Anomalous and normal dislocation modes in Floquet topological insulators

Electronic bands featuring nontrivial bulk topological invariant manifest through robust gapless modes at the boundaries, e.g., edges and surfaces. As such this bulk-boundary correspondence is also operative in driven quantum materials. For example, a suitable periodic drive can convert a trivial insulator into a Floquet topological insulator (FTI) that accommodates nondissipative dynamic gapless modes at the interfaces with vacuum. Here we theoretically demonstrate that dislocations, ubiquitous lattice defects in crystals, can probe FTIs as well as unconventional π-trivial insulator in the bulk of driven quantum systems by supporting normal and anomalous modes, localized near the defect core. Respectively, normal and anomalous dislocation modes reside at the Floquet zone center and boundaries. We exemplify these outcomes specifically for two-dimensional (2D) Floquet Chern insulator and px + ipy superconductor, where the dislocation modes are respectively constituted by charged and neutral Majorana fermions. Our findings should be, therefore, instrumental in probing Floquet topological phases in the state-of-the-art experiments in driven quantum crystals, cold atomic setups, and photonic and phononic metamaterials through bulk topological lattice defects.
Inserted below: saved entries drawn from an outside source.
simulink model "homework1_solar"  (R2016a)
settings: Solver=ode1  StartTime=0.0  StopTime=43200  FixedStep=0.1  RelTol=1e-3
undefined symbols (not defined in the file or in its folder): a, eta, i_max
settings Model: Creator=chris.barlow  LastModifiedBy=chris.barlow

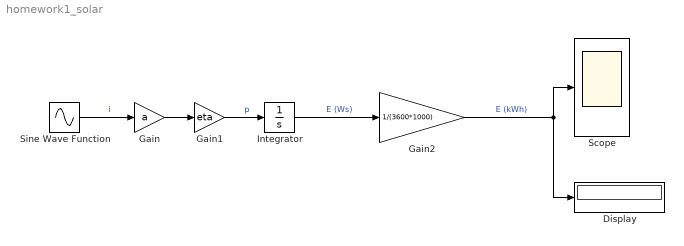
== system homework1_solar ==
  Display : Display
  Gain : Gain  Gain=a
  Gain1 : Gain  Gain=eta
  Gain2 : Gain  Gain=1/(3600*1000)
  Integrator : Integrator
  Scope : Scope
  Sine Wave Function : Sin  Amplitude=i_max  Frequency=pi/(12*3600)  SampleTime=0
  wires:
  Sine Wave Function/1 -> Gain/1  "i"
  Gain/1 -> Gain1/1
  Gain1/1 -> Integrator/1  "p"
  Integrator/1 -> Gain2/1  "E (Ws)"
  Gain2/1 -> Display/1, Scope/1  "E (kWh)"

Subject to a periodic drive, quantum materials can develop nontrivial bulk topological state, termed a Floquet topological insulator, which differs from its static counterpart due to the nontrivial role played by the time dimension. Here, the authors theoretically demonstrate that such dynamic topology can be probed by bulk dislocation lattice defects, realizable in state-of-the-art experiments in quantum crystals, cold atomic systems and various metamaterials.